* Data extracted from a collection
BEGIN

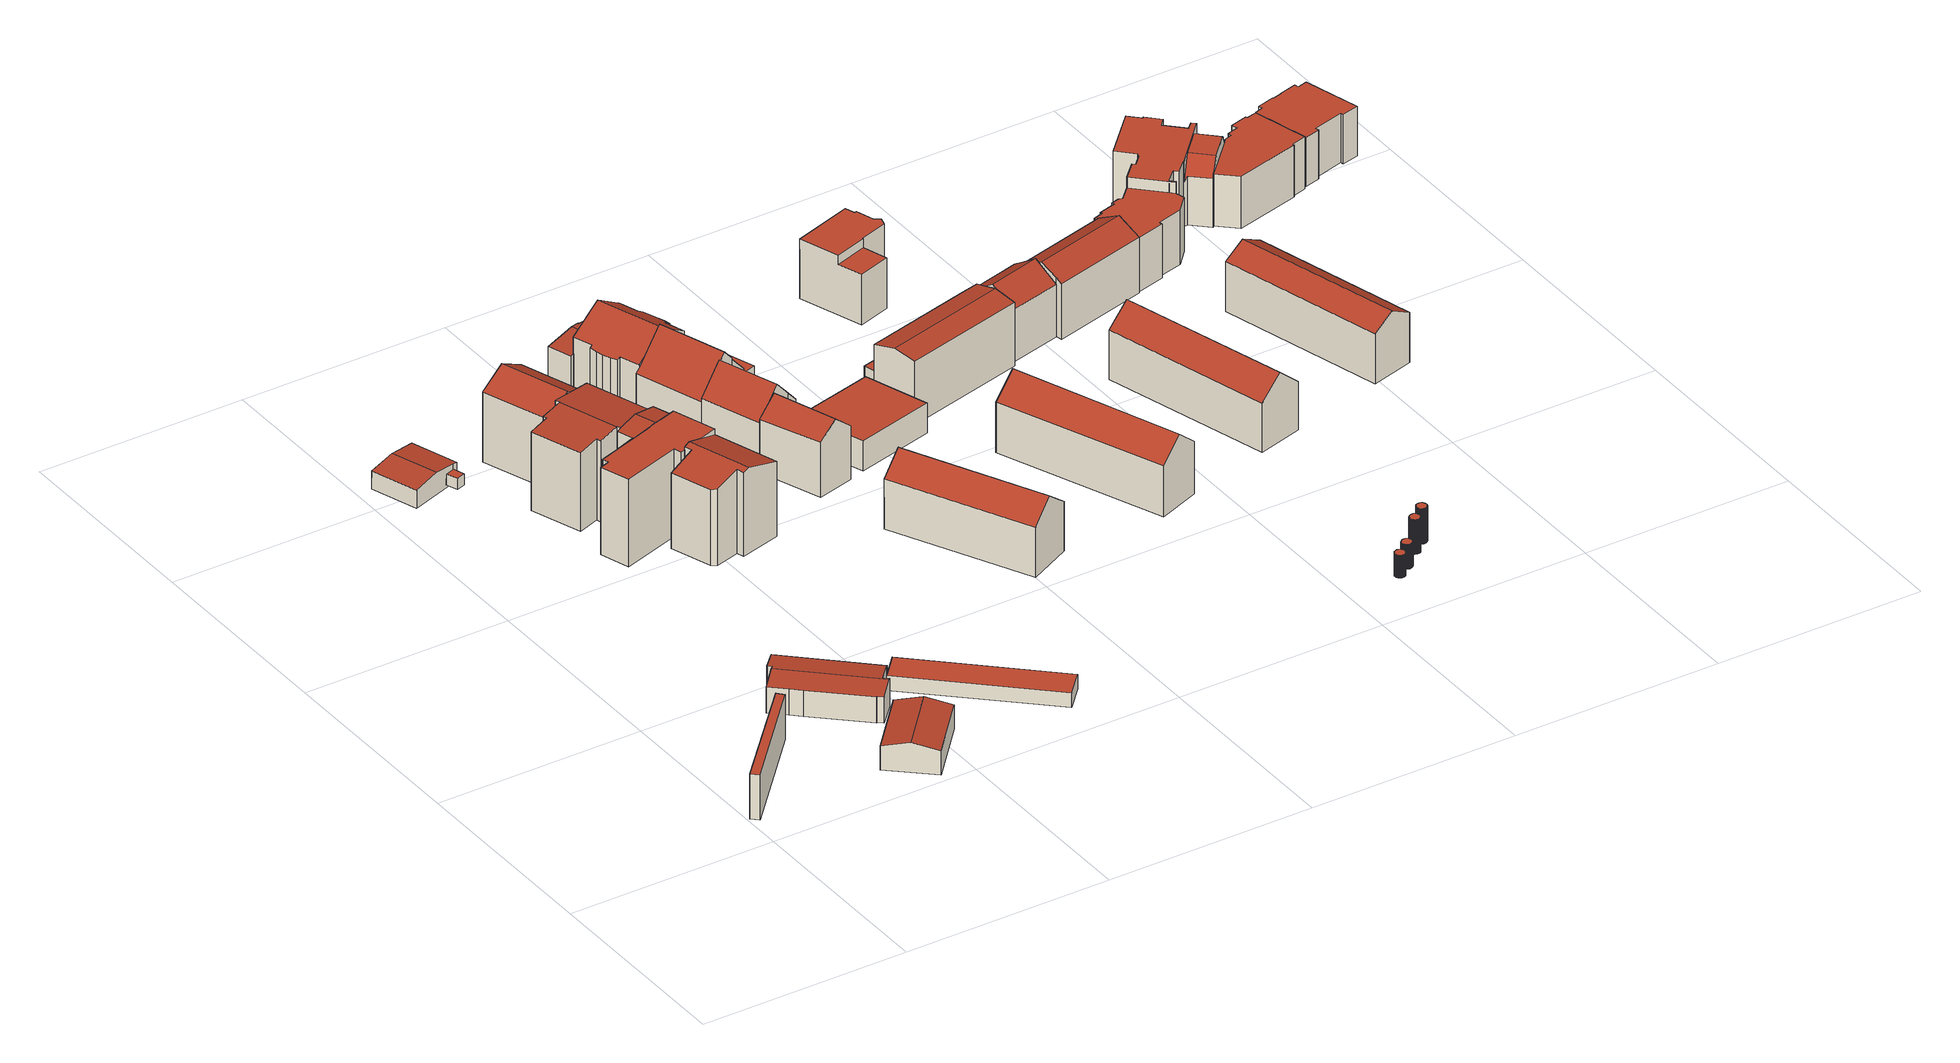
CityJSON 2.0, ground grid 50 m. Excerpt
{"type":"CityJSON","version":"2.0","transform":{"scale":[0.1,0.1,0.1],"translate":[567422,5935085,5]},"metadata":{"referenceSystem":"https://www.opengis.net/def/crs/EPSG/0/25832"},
"CityObjects":{
"building1":{"type":"Building","attributes":{"Gemeindeschluessel":"02000000","Geometrietyp2DReferenz":"3000","function":"51009_1610","roofType":"1000","measuredHeight":11.08},"geometry":[{"type":"MultiSurface","lod":"2","boundaries":[[[0,1,2,3]],[[3,2,4,5]],[[1,0,6,7]],[[7,6,5,4]],[[5,6,0,3]],[[7,4,2,1]]],"semantics":{"surfaces":[{"type":"WallSurface"},{"type":"GroundSurface"},{"type":"RoofSurface"}],"values":[0,0,0,0,1,2]}}]},
"building2":{"type":"Building","attributes":{"Gemeindeschluessel":"02000000","Geometrietyp2DReferenz":"3000","function":"31001_3050","roofType":"3100","measuredHeight":7.4,"storeysAboveGround":2},"geometry":[{"type":"MultiSurface","lod":"2","boundaries":[[[8,9,10,11]],[[12,13,9,8]],[[14,11,10,15]],[[16,13,12,17]],[[17,12,8,11,14]],[[15,10,9,13,16]],[[15,16,17,14]]],"semantics":{"surfaces":[{"type":"RoofSurface"},{"type":"WallSurface"},{"type":"GroundSurface"}],"values":[0,0,1,1,1,1,2]}}]},
"building3":{"type":"Building","attributes":{"Gemeindeschluessel":"02000000","Geometrietyp2DReferenz":"3000","function":"31001_3050","roofType":"3100","measuredHeight":6.96,"storeysAboveGround":2},"geometry":[{"type":"MultiSurface","lod":"2","boundaries":[[[18,19,20,21,22,23,24,25]],[[26,24,23,27,28,29,30,31,32]],[[33,22,21,34]],[[34,21,20,35]],[[35,20,19,36]],[[36,19,18,37]],[[37,18,25,38]],[[39,32,31,40]],[[40,31,30,41]],[[41,30,29,42]],[[42,29,28,43]],[[43,28,27,44]],[[45,26,32,39]],[[44,27,23,22,33]],[[38,25,24,26,45]],[[38,45,39,40,41,42,43,44,33,34,35,36,37]]],"semantics":{"surfaces":[{"type":"RoofSurface"},{"type":"WallSurface"},{"type":"GroundSurface"}],"values":[0,0,1,1,1,1,1,1,1,1,1,1,1,1,1,2]}}]},
"building4":{"type":"Building","attributes":{"Gemeindeschluessel":"02000000","Geometrietyp2DReferenz":"3000","function":"31001_2100","roofType":"3100","measuredHeight":5.28,"storeysAboveGround":2},"geometry":[{"type":"MultiSurface","lod":"2","boundaries":[[[46,47,48,49]],[[50,51,52,48,47]],[[53,46,49,54]],[[55,52,51,56]],[[56,51,50,57]],[[57,50,47,46,53]],[[54,49,48,52,55]],[[54,55,56,57,53]]],"semantics":{"surfaces":[{"type":"RoofSurface"},{"type":"WallSurface"},{"type":"GroundSurface"}],"values":[0,0,1,1,1,1,1,2]}}]},
"building5":{"type":"Building","attributes":{"Gemeindeschluessel":"02000000","Geometrietyp2DReferenz":"3000","function":"31001_1310","roofType":"1000","measuredHeight":2.69,"storeysAboveGround":1},"geometry":[{"type":"MultiSurface","lod":"2","boundaries":[[[58,59,60,61]],[[62,63,64,65]],[[65,64,59,58]],[[64,63,60,59]],[[63,62,61,60]],[[62,65,58,61]]],"semantics":{"surfaces":[{"type":"GroundSurface"},{"type":"RoofSurface"},{"type":"WallSurface"}],"values":[0,1,2,2,2,2]}}]},
"building6":{"type":"Building","attributes":{"Gemeindeschluessel":"02000000","Geometrietyp2DReferenz":"3000","function":"31001_2460","roofType":"1000","measuredHeight":3.55,"storeysAboveGround":1},"geometry":[{"type":"MultiSurface","lod":"2","boundaries":[[[66,67,68,69,70]],[[71,72,73,74,75]],[[72,69,68,73]],[[73,68,67,74]],[[74,67,66,75]],[[71,70,69,72]],[[71,75,66,70]]],"semantics":{"surfaces":[{"type":"RoofSurface"},{"type":"GroundSurface"},{"type":"WallSurface"}],"values":[0,1,2,2,2,2,2]}}]},
"building7":{"type":"Building","attributes":{"Gemeindeschluessel":"02000000","Geometrietyp2DReferenz":"3000","function":"31001_1010","roofType":"1000","measuredHeight":21.61,"storeysAboveGround":5},"geometry":[{"type":"MultiSurface","lod":"2","boundaries":[[[76,77,78,79]],[[80,81,82,83]],[[79,84,85,76]],[[86,87,81,80]],[[88,89,84,79,90]],[[76,85,91]],[[92,93,94]],[[95,96,97,98]],[[98,97,99,100]],[[100,99,101,102]],[[90,79,78,103]],[[86,80,83,88,90,103,104,105,106,107,95,98,100,102]],[[101,99,97,96,93,92,91,85,84,89,82,81,87]],[[77,76,91,108,109,110,111]],[[77,111,105,104]],[[94,93,96,95,107,112]],[[91,92,108]],[[104,103,78,77]],[[107,106,110,109,112]],[[111,110,106,105]],[[101,87,86,102]],[[82,89,88,83]],[[94,112,109,108,92]]],"semantics":{"surfaces":[{"type":"RoofSurface"},{"type":"WallSurface"},{"type":"GroundSurface"}],"values":[0,1,1,1,1,1,1,1,1,1,1,2,0,0,1,1,1,1,1,1,1,1,0]}}]},
"building8":{"type":"Building","attributes":{"Gemeindeschluessel":"02000000","Geometrietyp2DReferenz":"3000","function":"31001_1010","roofType":"1000","measuredHeight":20.59,"storeysAboveGround":5},"geometry":[{"type":"MultiSurface","lod":"2","boundaries":[[[113,114,115,116,117,118,119,120]],[[121,117,116,122,123,124,125,126]],[[127,120,119,128]],[[128,119,118,129]],[[130,115,114,131]],[[131,114,113,132]],[[132,113,120,127]],[[133,126,125,134]],[[134,125,124,135]],[[135,124,123,136]],[[136,123,122,137]],[[138,121,126,133]],[[137,122,116,115,130]],[[129,118,117,121,138]],[[129,138,133,134,135,136,137,130,131,132,127,128]]],"semantics":{"surfaces":[{"type":"RoofSurface"},{"type":"WallSurface"},{"type":"GroundSurface"}],"values":[0,0,1,1,1,1,1,1,1,1,1,1,1,1,2]}}]},
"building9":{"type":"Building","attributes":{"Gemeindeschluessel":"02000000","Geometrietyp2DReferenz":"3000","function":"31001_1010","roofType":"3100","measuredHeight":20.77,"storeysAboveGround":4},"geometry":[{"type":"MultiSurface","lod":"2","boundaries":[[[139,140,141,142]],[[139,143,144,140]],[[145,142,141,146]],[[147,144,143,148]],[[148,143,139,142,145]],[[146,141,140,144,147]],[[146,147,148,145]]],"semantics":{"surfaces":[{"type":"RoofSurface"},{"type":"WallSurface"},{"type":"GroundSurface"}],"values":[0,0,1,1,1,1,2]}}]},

END

* Problem requirements
Please repeat the records above exactly, leaving every picture out.

* Your solution
CityJSON 2.0, ground grid 50 m. Excerpt
{"type":"CityJSON","version":"2.0","transform":{"scale":[0.1,0.1,0.1],"translate":[567422,5935085,5]},"metadata":{"referenceSystem":"https://www.opengis.net/def/crs/EPSG/0/25832"},
"CityObjects":{
"building1":{"type":"Building","attributes":{"Gemeindeschluessel":"02000000","Geometrietyp2DReferenz":"3000","function":"51009_1610","roofType":"1000","measuredHeight":11.08},"geometry":[{"type":"MultiSurface","lod":"2","boundaries":[[[0,1,2,3]],[[3,2,4,5]],[[1,0,6,7]],[[7,6,5,4]],[[5,6,0,3]],[[7,4,2,1]]],"semantics":{"surfaces":[{"type":"WallSurface"},{"type":"GroundSurface"},{"type":"RoofSurface"}],"values":[0,0,0,0,1,2]}}]},
"building2":{"type":"Building","attributes":{"Gemeindeschluessel":"02000000","Geometrietyp2DReferenz":"3000","function":"31001_3050","roofType":"3100","measuredHeight":7.4,"storeysAboveGround":2},"geometry":[{"type":"MultiSurface","lod":"2","boundaries":[[[8,9,10,11]],[[12,13,9,8]],[[14,11,10,15]],[[16,13,12,17]],[[17,12,8,11,14]],[[15,10,9,13,16]],[[15,16,17,14]]],"semantics":{"surfaces":[{"type":"RoofSurface"},{"type":"WallSurface"},{"type":"GroundSurface"}],"values":[0,0,1,1,1,1,2]}}]},
"building3":{"type":"Building","attributes":{"Gemeindeschluessel":"02000000","Geometrietyp2DReferenz":"3000","function":"31001_3050","roofType":"3100","measuredHeight":6.96,"storeysAboveGround":2},"geometry":[{"type":"MultiSurface","lod":"2","boundaries":[[[18,19,20,21,22,23,24,25]],[[26,24,23,27,28,29,30,31,32]],[[33,22,21,34]],[[34,21,20,35]],[[35,20,19,36]],[[36,19,18,37]],[[37,18,25,38]],[[39,32,31,40]],[[40,31,30,41]],[[41,30,29,42]],[[42,29,28,43]],[[43,28,27,44]],[[45,26,32,39]],[[44,27,23,22,33]],[[38,25,24,26,45]],[[38,45,39,40,41,42,43,44,33,34,35,36,37]]],"semantics":{"surfaces":[{"type":"RoofSurface"},{"type":"WallSurface"},{"type":"GroundSurface"}],"values":[0,0,1,1,1,1,1,1,1,1,1,1,1,1,1,2]}}]},
"building4":{"type":"Building","attributes":{"Gemeindeschluessel":"02000000","Geometrietyp2DReferenz":"3000","function":"31001_2100","roofType":"3100","measuredHeight":5.28,"storeysAboveGround":2},"geometry":[{"type":"MultiSurface","lod":"2","boundaries":[[[46,47,48,49]],[[50,51,52,48,47]],[[53,46,49,54]],[[55,52,51,56]],[[56,51,50,57]],[[57,50,47,46,53]],[[54,49,48,52,55]],[[54,55,56,57,53]]],"semantics":{"surfaces":[{"type":"RoofSurface"},{"type":"WallSurface"},{"type":"GroundSurface"}],"values":[0,0,1,1,1,1,1,2]}}]},
"building5":{"type":"Building","attributes":{"Gemeindeschluessel":"02000000","Geometrietyp2DReferenz":"3000","function":"31001_1310","roofType":"1000","measuredHeight":2.69,"storeysAboveGround":1},"geometry":[{"type":"MultiSurface","lod":"2","boundaries":[[[58,59,60,61]],[[62,63,64,65]],[[65,64,59,58]],[[64,63,60,59]],[[63,62,61,60]],[[62,65,58,61]]],"semantics":{"surfaces":[{"type":"GroundSurface"},{"type":"RoofSurface"},{"type":"WallSurface"}],"values":[0,1,2,2,2,2]}}]},
"building6":{"type":"Building","attributes":{"Gemeindeschluessel":"02000000","Geometrietyp2DReferenz":"3000","function":"31001_2460","roofType":"1000","measuredHeight":3.55,"storeysAboveGround":1},"geometry":[{"type":"MultiSurface","lod":"2","boundaries":[[[66,67,68,69,70]],[[71,72,73,74,75]],[[72,69,68,73]],[[73,68,67,74]],[[74,67,66,75]],[[71,70,69,72]],[[71,75,66,70]]],"semantics":{"surfaces":[{"type":"RoofSurface"},{"type":"GroundSurface"},{"type":"WallSurface"}],"values":[0,1,2,2,2,2,2]}}]},
"building7":{"type":"Building","attributes":{"Gemeindeschluessel":"02000000","Geometrietyp2DReferenz":"3000","function":"31001_1010","roofType":"1000","measuredHeight":21.61,"storeysAboveGround":5},"geometry":[{"type":"MultiSurface","lod":"2","boundaries":[[[76,77,78,79]],[[80,81,82,83]],[[79,84,85,76]],[[86,87,81,80]],[[88,89,84,79,90]],[[76,85,91]],[[92,93,94]],[[95,96,97,98]],[[98,97,99,100]],[[100,99,101,102]],[[90,79,78,103]],[[86,80,83,88,90,103,104,105,106,107,95,98,100,102]],[[101,99,97,96,93,92,91,85,84,89,82,81,87]],[[77,76,91,108,109,110,111]],[[77,111,105,104]],[[94,93,96,95,107,112]],[[91,92,108]],[[104,103,78,77]],[[107,106,110,109,112]],[[111,110,106,105]],[[101,87,86,102]],[[82,89,88,83]],[[94,112,109,108,92]]],"semantics":{"surfaces":[{"type":"RoofSurface"},{"type":"WallSurface"},{"type":"GroundSurface"}],"values":[0,1,1,1,1,1,1,1,1,1,1,2,0,0,1,1,1,1,1,1,1,1,0]}}]},
"building8":{"type":"Building","attributes":{"Gemeindeschluessel":"02000000","Geometrietyp2DReferenz":"3000","function":"31001_1010","roofType":"1000","measuredHeight":20.59,"storeysAboveGround":5},"geometry":[{"type":"MultiSurface","lod":"2","boundaries":[[[113,114,115,116,117,118,119,120]],[[121,117,116,122,123,124,125,126]],[[127,120,119,128]],[[128,119,118,129]],[[130,115,114,131]],[[131,114,113,132]],[[132,113,120,127]],[[133,126,125,134]],[[134,125,124,135]],[[135,124,123,136]],[[136,123,122,137]],[[138,121,126,133]],[[137,122,116,115,130]],[[129,118,117,121,138]],[[129,138,133,134,135,136,137,130,131,132,127,128]]],"semantics":{"surfaces":[{"type":"RoofSurface"},{"type":"WallSurface"},{"type":"GroundSurface"}],"values":[0,0,1,1,1,1,1,1,1,1,1,1,1,1,2]}}]},
"building9":{"type":"Building","attributes":{"Gemeindeschluessel":"02000000","Geometrietyp2DReferenz":"3000","function":"31001_1010","roofType":"3100","measuredHeight":20.77,"storeysAboveGround":4},"geometry":[{"type":"MultiSurface","lod":"2","boundaries":[[[139,140,141,142]],[[139,143,144,140]],[[145,142,141,146]],[[147,144,143,148]],[[148,143,139,142,145]],[[146,141,140,144,147]],[[146,147,148,145]]],"semantics":{"surfaces":[{"type":"RoofSurface"},{"type":"WallSurface"},{"type":"GroundSurface"}],"values":[0,0,1,1,1,1,2]}}]},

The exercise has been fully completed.